#!/usr/bin/env python
# coding: utf-8

# # Combining DataFrames
# 
# CashBox has provided us with several separate CSV files. Let's take a look at two files `transactions.csv` and `requests.csv`. Requests are made in the application when one user requests cash from another. Requests are not required for a transaction to occur. 
# 
# Let's see if we can't see get a feeling on how many successful requests and payments have been made. In order to do this we will need to combine the two `DataFrame`s.

# In[1]:


# Setup
from datetime import datetime
import os

import pandas as pd

from utils import render

transactions = pd.read_csv(os.path.join('data', 'transactions.csv'), index_col=0)
requests = pd.read_csv(os.path.join('data', 'requests.csv'), index_col=0)

# Pop out a quick sanity check
(transactions.shape, requests.shape)


# Let's explore our data real quick, by taking a look at the first couple of rows in each `DataFrame`.

# In[2]:


transactions.head(2)


# In[3]:


requests.head(2)


# I'd like to see all the requests that have a matching transaction based on the users and the amount involved.
# 
# In order to do this we will merge both of our datasets together.  
# 
# We'll create a new dataset by using the [`DataFrame.merge`](https://pandas.pydata.org/pandas-docs/stable/generated/pandas.DataFrame.merge.html) method.

# In[4]:


# Since we are calling merge on the `requests` DataFrame it is considered the left side
successful_requests = requests.merge(
    # And transactions is the right side
    transactions, 
    # So now we line up columns that will make the join make sense.
    left_on=['from_user', 'to_user', 'amount'], 
    right_on=['receiver', 'sender', 'amount']
)
# Let's take a look and see how we did
successful_requests.head()


# Note that since the **`amount`** is the same on both sides of the merge that there is only one column represented.

# ## Gather Insights
# 
# So looking at this data merged together, I'd like to see the time difference between when the request was made, and when the money was actually received.
# 
# Good news for us, pandas has very powerful date/time functionality, but in order to get there we're going to need to convert our columns. As you can see, the CSV import did not recognize our date field.  **`sent_date`** and **`request_date`** are just plain old objects.

# In[5]:


successful_requests.dtypes


# You can convert columns (which remember are a `Series`) on CSV import or just when you need them by using the `pandas.to_datetime` method.  There are actually quite a few conversion methods.

# In[6]:


successful_requests['request_date'] = pd.to_datetime(successful_requests['request_date'])
successful_requests['sent_date'] = pd.to_datetime(successful_requests['sent_date'])
# And now we can see they are converted
successful_requests.dtypes


# Now that we have dates we can subtract them (vectoization ftw!) to create a timedelta.
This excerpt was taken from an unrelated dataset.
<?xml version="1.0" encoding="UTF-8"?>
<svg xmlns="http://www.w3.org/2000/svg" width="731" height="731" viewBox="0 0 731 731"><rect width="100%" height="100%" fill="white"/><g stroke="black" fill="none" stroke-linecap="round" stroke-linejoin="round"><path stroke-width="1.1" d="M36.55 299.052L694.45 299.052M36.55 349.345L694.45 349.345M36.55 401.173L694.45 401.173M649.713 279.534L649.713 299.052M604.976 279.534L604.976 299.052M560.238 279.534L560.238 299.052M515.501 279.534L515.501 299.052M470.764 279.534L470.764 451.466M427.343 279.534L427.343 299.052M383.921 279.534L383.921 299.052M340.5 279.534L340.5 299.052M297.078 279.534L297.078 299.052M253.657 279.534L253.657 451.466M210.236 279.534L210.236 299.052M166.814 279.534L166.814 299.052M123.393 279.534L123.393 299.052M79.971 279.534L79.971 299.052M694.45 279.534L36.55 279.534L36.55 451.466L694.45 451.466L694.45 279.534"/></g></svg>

Let's create a new column called **`time_passed`** that stores the result.

# In[7]:


successful_requests['time_passed'] = successful_requests.sent_date - successful_requests.request_date


# Now, let's take a look at the top 5 longest request to successful transactions by sorting and limiting, to get a vibe.

# In[8]:


successful_requests.sort_values(by='time_passed', ascending=False).head(5)


# Hmm, that makes wonder how much money passed through the request and transaction system. Let's see.

# In[9]:


"Wow! ${:,.2f} has passed through the request system in {} transactions!!!".format(
    successful_requests.amount.sum(),
    len(successful_requests),
)


# ## Further research
# I saw something a little strange as I was looking through those **`successful_requests`**, it noticed a couple of what seemed like duplicated requests. I called my contact at CashBox and asked about possible duplicate requests.  Sure enough, the application allows you to send multiple requests for the same amount. 
# 
# So this means there are probably duplicates in our **`successful_requests`** `DataFrame` because there are duplicates in the **`requests`**. There is most likely only one transaction that fulfills the request, but there could be multiple requests that match. Our merge brought that duplication across as well.
# 
# Let's explore the possible duplicates in the **`requests`** `DataFrame`. There is a method [`DataFrame.duplicated`](https://pandas.pydata.org/pandas-docs/stable/generated/pandas.DataFrame.duplicated.html) that will return a boolean `Series` which we can use as an index.  A `keep` parameter is available which is used to choose which of the duplicated rows to mark as a duplicate.  You can mark the first, last or all of them.

# In[10]:


# Create a boolean Series of records that are duplicated. 
#   Note that `keep=False` marks all that are duplicated
dupes = requests[requests.duplicated(('from_user', 'to_user', 'amount'), keep=False)]
# Order by requester and the date of request. 
#   Note that `request_date` in this case is a string, but this string date format sorts properly still.
dupes.sort_values(['from_user', 'request_date'])


# We should get those duplicates out of our successful requests. Let's take a look at some more tools that will help us do cleanup like this one.